= The Tracey Fragments (novel) =

1998 novel by Maureen Medved

The Tracey Fragments is a novel by Canadian author Maureen Medved. It was first published in 1998 at House of Anansi Press. The construction of the narrative takes place as a series of vignettes, or the titular "fragments", of scenes from a young girl's life. The novel tells a story of rage, frustration and neglect in Tracey's life, and her search for salvation in the face of tragedy.

Medved wrote the screenplay for the film adaptation, which was directed by Bruce McDonald.

==Plot==
Tracey Berkowitz, a young Canadian teenager, has mental health issues, and as an unreliable narrator, she gradually reveals a dark family trauma involving her little brother, Sonny Berkowitz, and a boy from Tracey's school. Tracey narrates as she travels from bus to bus naked under a shower curtain, unable to return home for fear that her emotionally distant parents won't accept her back. The closest person Tracey has to a friend is Dr. Hecker, a homely psychiatrist whose ethical obligations prevent her from being emotionally invested in Tracey as a patient. Tracey also shares stories about her grandmother, a woman with the same mental afflictions as Tracey herself; Tracey's grandmother faced an apparent home invasion and sexual assault in her home in Poland.

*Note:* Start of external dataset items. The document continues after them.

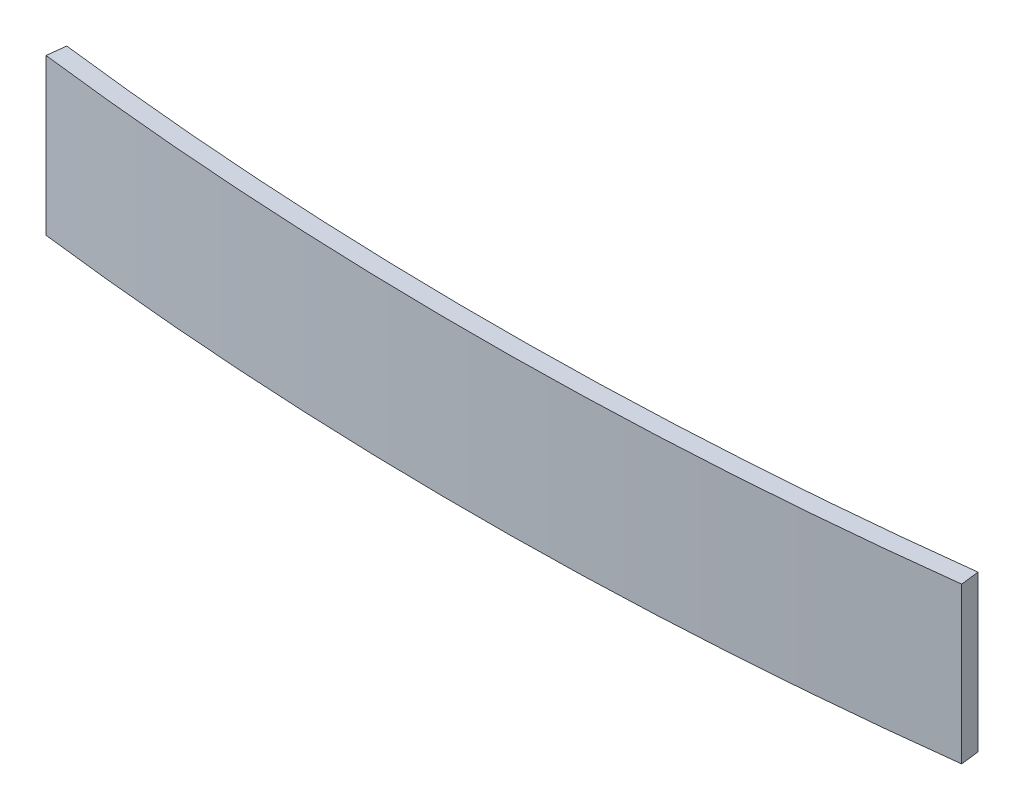
ISO-10303-21;
HEADER;
FILE_DESCRIPTION(('STEP AP214'),'2;1');
FILE_NAME('part.step','',(''),(''),'','','');
FILE_SCHEMA(('AUTOMOTIVE_DESIGN { 1 0 10303 214 1 1 1 1 }'));
ENDSEC;
DATA;
#1=APPLICATION_CONTEXT('core data for automotive mechanical design processes');
#2=APPLICATION_PROTOCOL_DEFINITION('international standard','automotive_design',2000,#1);
#3=PRODUCT_CONTEXT('',#1,'mechanical');
#4=PRODUCT('Part','Part','',(#3));
#5=PRODUCT_RELATED_PRODUCT_CATEGORY('part','',(#4));
#6=PRODUCT_DEFINITION_FORMATION('','',#4);
#7=PRODUCT_DEFINITION_CONTEXT('part definition',#1,'design');
#8=PRODUCT_DEFINITION('design','',#6,#7);
#9=PRODUCT_DEFINITION_SHAPE('','',#8);
#10=(LENGTH_UNIT() NAMED_UNIT(*) SI_UNIT(.MILLI.,.METRE.));
#11=(NAMED_UNIT(*) PLANE_ANGLE_UNIT() SI_UNIT($,.RADIAN.));
#12=(NAMED_UNIT(*) SI_UNIT($,.STERADIAN.) SOLID_ANGLE_UNIT());
#13=UNCERTAINTY_MEASURE_WITH_UNIT(LENGTH_MEASURE(1.E-05),#10,'distance_accuracy_value','');
#14=(GEOMETRIC_REPRESENTATION_CONTEXT(3) GLOBAL_UNCERTAINTY_ASSIGNED_CONTEXT((#13)) GLOBAL_UNIT_ASSIGNED_CONTEXT((#10,
#11,#12)) REPRESENTATION_CONTEXT('',''));
#15=CARTESIAN_POINT('',(0.,0.,0.));
#16=DIRECTION('',(0.,0.,1.));
#17=DIRECTION('',(1.,0.,0.));
#18=AXIS2_PLACEMENT_3D('',#15,#16,#17);
#19=CARTESIAN_POINT('',(0.384713370655349,25.,-604.979337781911));
#20=DIRECTION('',(0.,-1.,0.));
#21=DIRECTION('',(0.,0.,-1.));
#22=AXIS2_PLACEMENT_3D('',#19,#20,#21);
#23=CYLINDRICAL_SURFACE('',#22,606.817392300454);
#24=CARTESIAN_POINT('',(0.384713370655349,0.,-604.979337781911));
#25=DIRECTION('',(0.,1.,0.));
#26=DIRECTION('',(0.,0.,1.));
#27=AXIS2_PLACEMENT_3D('',#24,#25,#26);
#28=CIRCLE('',#27,606.817392300454);
#29=CARTESIAN_POINT('',(-73.1152866293447,0.,-2.62969048532372));
#30=VERTEX_POINT('',#29);
#31=CARTESIAN_POINT('',(73.8847133706553,0.,-2.62969048532372));
#32=VERTEX_POINT('',#31);
#33=EDGE_CURVE('E99',#30,#32,#28,.T.);
#34=ORIENTED_EDGE('',*,*,#33,.T.);
#35=DIRECTION('',(0.,-1.,0.));
#36=VECTOR('',#35,1.);
#37=CARTESIAN_POINT('',(73.8847133706553,25.,-2.62969048532372));
#38=LINE('',#37,#36);
#39=CARTESIAN_POINT('',(73.8847133706553,25.,-2.62969048532372));
#40=VERTEX_POINT('',#39);
#41=EDGE_CURVE('E11',#40,#32,#38,.T.);
#42=ORIENTED_EDGE('',*,*,#41,.F.);
#43=CARTESIAN_POINT('',(0.384713370655349,25.,-604.979337781911));
#44=DIRECTION('',(0.,1.,0.));
#45=DIRECTION('',(0.,0.,1.));
#46=AXIS2_PLACEMENT_3D('',#43,#44,#45);
#47=CIRCLE('',#46,606.817392300454);
#48=CARTESIAN_POINT('',(-73.1152866293447,25.,-2.62969048532372));
#49=VERTEX_POINT('',#48);
#50=EDGE_CURVE('E87',#49,#40,#47,.T.);
#51=ORIENTED_EDGE('',*,*,#50,.F.);
#52=DIRECTION('',(0.,-1.,0.));
#53=VECTOR('',#52,1.);
#54=CARTESIAN_POINT('',(-73.1152866293447,25.,-2.62969048532372));
#55=LINE('',#54,#53);
#56=EDGE_CURVE('E95',#49,#30,#55,.T.);
#57=ORIENTED_EDGE('',*,*,#56,.T.);
#58=EDGE_LOOP('',(#34,#42,#51,#57));
#59=FACE_BOUND('',#58,.T.);
#60=ADVANCED_FACE('F36',(#59),#23,.T.);
#61=CARTESIAN_POINT('',(73.8847133706553,25.,-2.62969048532372));
#62=DIRECTION('',(-0.992637414384351,0.,0.121123753097194));
#63=DIRECTION('',(0.121123753097194,0.,0.992637414384351));
#64=AXIS2_PLACEMENT_3D('',#61,#62,#63);
#65=PLANE('',#64);
#66=DIRECTION('',(-0.121123753097194,0.,-0.992637414384351));
#67=VECTOR('',#66,1.);
#68=CARTESIAN_POINT('',(73.8847133706553,0.,-2.62969048532372));
#69=LINE('',#68,#67);
#70=CARTESIAN_POINT('',(73.5213421113638,0.,-5.60760272847682));
#71=VERTEX_POINT('',#70);
#72=EDGE_CURVE('E91',#32,#71,#69,.T.);
#73=ORIENTED_EDGE('',*,*,#72,.T.);
#74=DIRECTION('',(0.,-1.,0.));
#75=VECTOR('',#74,1.);
#76=CARTESIAN_POINT('',(73.5213421113638,25.,-5.60760272847682));
#77=LINE('',#76,#75);
#78=CARTESIAN_POINT('',(73.5213421113638,25.,-5.60760272847682));
#79=VERTEX_POINT('',#78);
#80=EDGE_CURVE('E44',#79,#71,#77,.T.);
#81=ORIENTED_EDGE('',*,*,#80,.F.);
#82=DIRECTION('',(-0.121123753097194,0.,-0.992637414384351));
#83=VECTOR('',#82,1.);
#84=CARTESIAN_POINT('',(73.8847133706553,25.,-2.62969048532372));
#85=LINE('',#84,#83);
#86=EDGE_CURVE('E82',#40,#79,#85,.T.);
#87=ORIENTED_EDGE('',*,*,#86,.F.);
#88=ORIENTED_EDGE('',*,*,#41,.T.);
#89=EDGE_LOOP('',(#73,#81,#87,#88));
#90=FACE_BOUND('',#89,.T.);
#91=ADVANCED_FACE('F90',(#90),#65,.F.);
#92=CARTESIAN_POINT('',(0.384713370655349,25.,-604.979337781911));
#93=DIRECTION('',(0.,-1.,0.));
#94=DIRECTION('',(0.,0.,-1.));
#95=AXIS2_PLACEMENT_3D('',#92,#93,#94);
#96=CYLINDRICAL_SURFACE('',#95,603.817392300454);
#97=CARTESIAN_POINT('',(0.384713370655349,0.,-604.979337781911));
#98=DIRECTION('',(0.,-1.,0.));
#99=DIRECTION('',(0.,0.,1.));
#100=AXIS2_PLACEMENT_3D('',#97,#98,#99);
#101=CIRCLE('',#100,603.817392300454);
#102=CARTESIAN_POINT('',(-72.7519153700538,0.,-5.60760272847682));
#103=VERTEX_POINT('',#102);
#104=EDGE_CURVE('E69',#71,#103,#101,.T.);
#105=ORIENTED_EDGE('',*,*,#104,.T.);
#106=DIRECTION('',(0.,-1.,0.));
#107=VECTOR('',#106,1.);
#108=CARTESIAN_POINT('',(-72.7519153700538,25.,-5.60760272847682));
#109=LINE('',#108,#107);
#110=CARTESIAN_POINT('',(-72.7519153700538,25.,-5.60760272847682));
#111=VERTEX_POINT('',#110);
#112=EDGE_CURVE('E92',#111,#103,#109,.T.);
#113=ORIENTED_EDGE('',*,*,#112,.F.);
#114=CARTESIAN_POINT('',(0.384713370655349,25.,-604.979337781911));
#115=DIRECTION('',(0.,-1.,0.));
#116=DIRECTION('',(0.,0.,1.));
#117=AXIS2_PLACEMENT_3D('',#114,#115,#116);
#118=CIRCLE('',#117,603.817392300454);
#119=EDGE_CURVE('E85',#79,#111,#118,.T.);
#120=ORIENTED_EDGE('',*,*,#119,.F.);
#121=ORIENTED_EDGE('',*,*,#80,.T.);
#122=EDGE_LOOP('',(#105,#113,#120,#121));
#123=FACE_BOUND('',#122,.T.);
#124=ADVANCED_FACE('F93',(#123),#96,.F.);
#125=CARTESIAN_POINT('',(-73.1152866293447,25.,-2.62969048532372));
#126=DIRECTION('',(0.992637414384379,0.,0.121123753096967));
#127=DIRECTION('',(0.121123753096967,0.,-0.992637414384379));
#128=AXIS2_PLACEMENT_3D('',#125,#126,#127);
#129=PLANE('',#128);
#130=DIRECTION('',(-0.121123753096967,0.,0.992637414384379));
#131=VECTOR('',#130,1.);
#132=CARTESIAN_POINT('',(-73.1152866293447,0.,-2.62969048532372));
#133=LINE('',#132,#131);
#134=EDGE_CURVE('E75',#103,#30,#133,.T.);
#135=ORIENTED_EDGE('',*,*,#134,.T.);
#136=ORIENTED_EDGE('',*,*,#56,.F.);
#137=DIRECTION('',(-0.121123753096967,0.,0.992637414384379));
#138=VECTOR('',#137,1.);
#139=CARTESIAN_POINT('',(-73.1152866293447,25.,-2.62969048532372));
#140=LINE('',#139,#138);
#141=EDGE_CURVE('E52',#111,#49,#140,.T.);
#142=ORIENTED_EDGE('',*,*,#141,.F.);
#143=ORIENTED_EDGE('',*,*,#112,.T.);
#144=EDGE_LOOP('',(#135,#136,#142,#143));
#145=FACE_BOUND('',#144,.T.);
#146=ADVANCED_FACE('F106',(#145),#129,.F.);
#147=CARTESIAN_POINT('',(0.384713370655349,25.,-604.979337781911));
#148=DIRECTION('',(0.,1.,0.));
#149=DIRECTION('',(0.,0.,1.));
#150=AXIS2_PLACEMENT_3D('',#147,#148,#149);
#151=PLANE('',#150);
#152=ORIENTED_EDGE('',*,*,#50,.T.);
#153=ORIENTED_EDGE('',*,*,#86,.T.);
#154=ORIENTED_EDGE('',*,*,#119,.T.);
#155=ORIENTED_EDGE('',*,*,#141,.T.);
#156=EDGE_LOOP('',(#152,#153,#154,#155));
#157=FACE_BOUND('',#156,.T.);
#158=ADVANCED_FACE('F83',(#157),#151,.T.);
#159=CARTESIAN_POINT('',(0.384713370655349,0.,-604.979337781911));
#160=DIRECTION('',(0.,1.,0.));
#161=DIRECTION('',(0.,0.,1.));
#162=AXIS2_PLACEMENT_3D('',#159,#160,#161);
#163=PLANE('',#162);
#164=ORIENTED_EDGE('',*,*,#33,.F.);
#165=ORIENTED_EDGE('',*,*,#134,.F.);
#166=ORIENTED_EDGE('',*,*,#104,.F.);
#167=ORIENTED_EDGE('',*,*,#72,.F.);
#168=EDGE_LOOP('',(#164,#165,#166,#167));
#169=FACE_BOUND('',#168,.T.);
#170=ADVANCED_FACE('F109',(#169),#163,.F.);
#171=CLOSED_SHELL('',(#60,#91,#124,#146,#158,#170));
#172=MANIFOLD_SOLID_BREP('B2',#171);
#173=ADVANCED_BREP_SHAPE_REPRESENTATION('',(#18,#172),#14);
#174=SHAPE_DEFINITION_REPRESENTATION(#9,#173);
ENDSEC;
END-ISO-10303-21;

Tracey eventually reveals a sexual encounter with "Billy Speed", the boy from her school who she likes. Tracey fantasizes about starting a metalcore band with Billy under a stage name she's invented in her head, "Estuary Palomino." She hints at the possibility that during a bad blizzard in her home city, Sonny may have wandered off and drowned in a nearby river. She suggests that her parents never wanted Sonny, noting a bizarre story her father shared with her when she was young about a female dog being killed after birthing Sonny. Unable to cope with whatever has happened, Tracey continues to wander, staying with strangers and putting her life in danger as she travels from place to place. The novel ends with Tracey still on the public city bus, remarking (of finding Sonny) "we're getting warmer."

The 2007 paperback release of The Tracey Fragments, a media tie-in to the film adaptation, contained multiple pages of full-colour screenshots of the main featured actors including Elliot Page, Julian Richings and Slim Twig.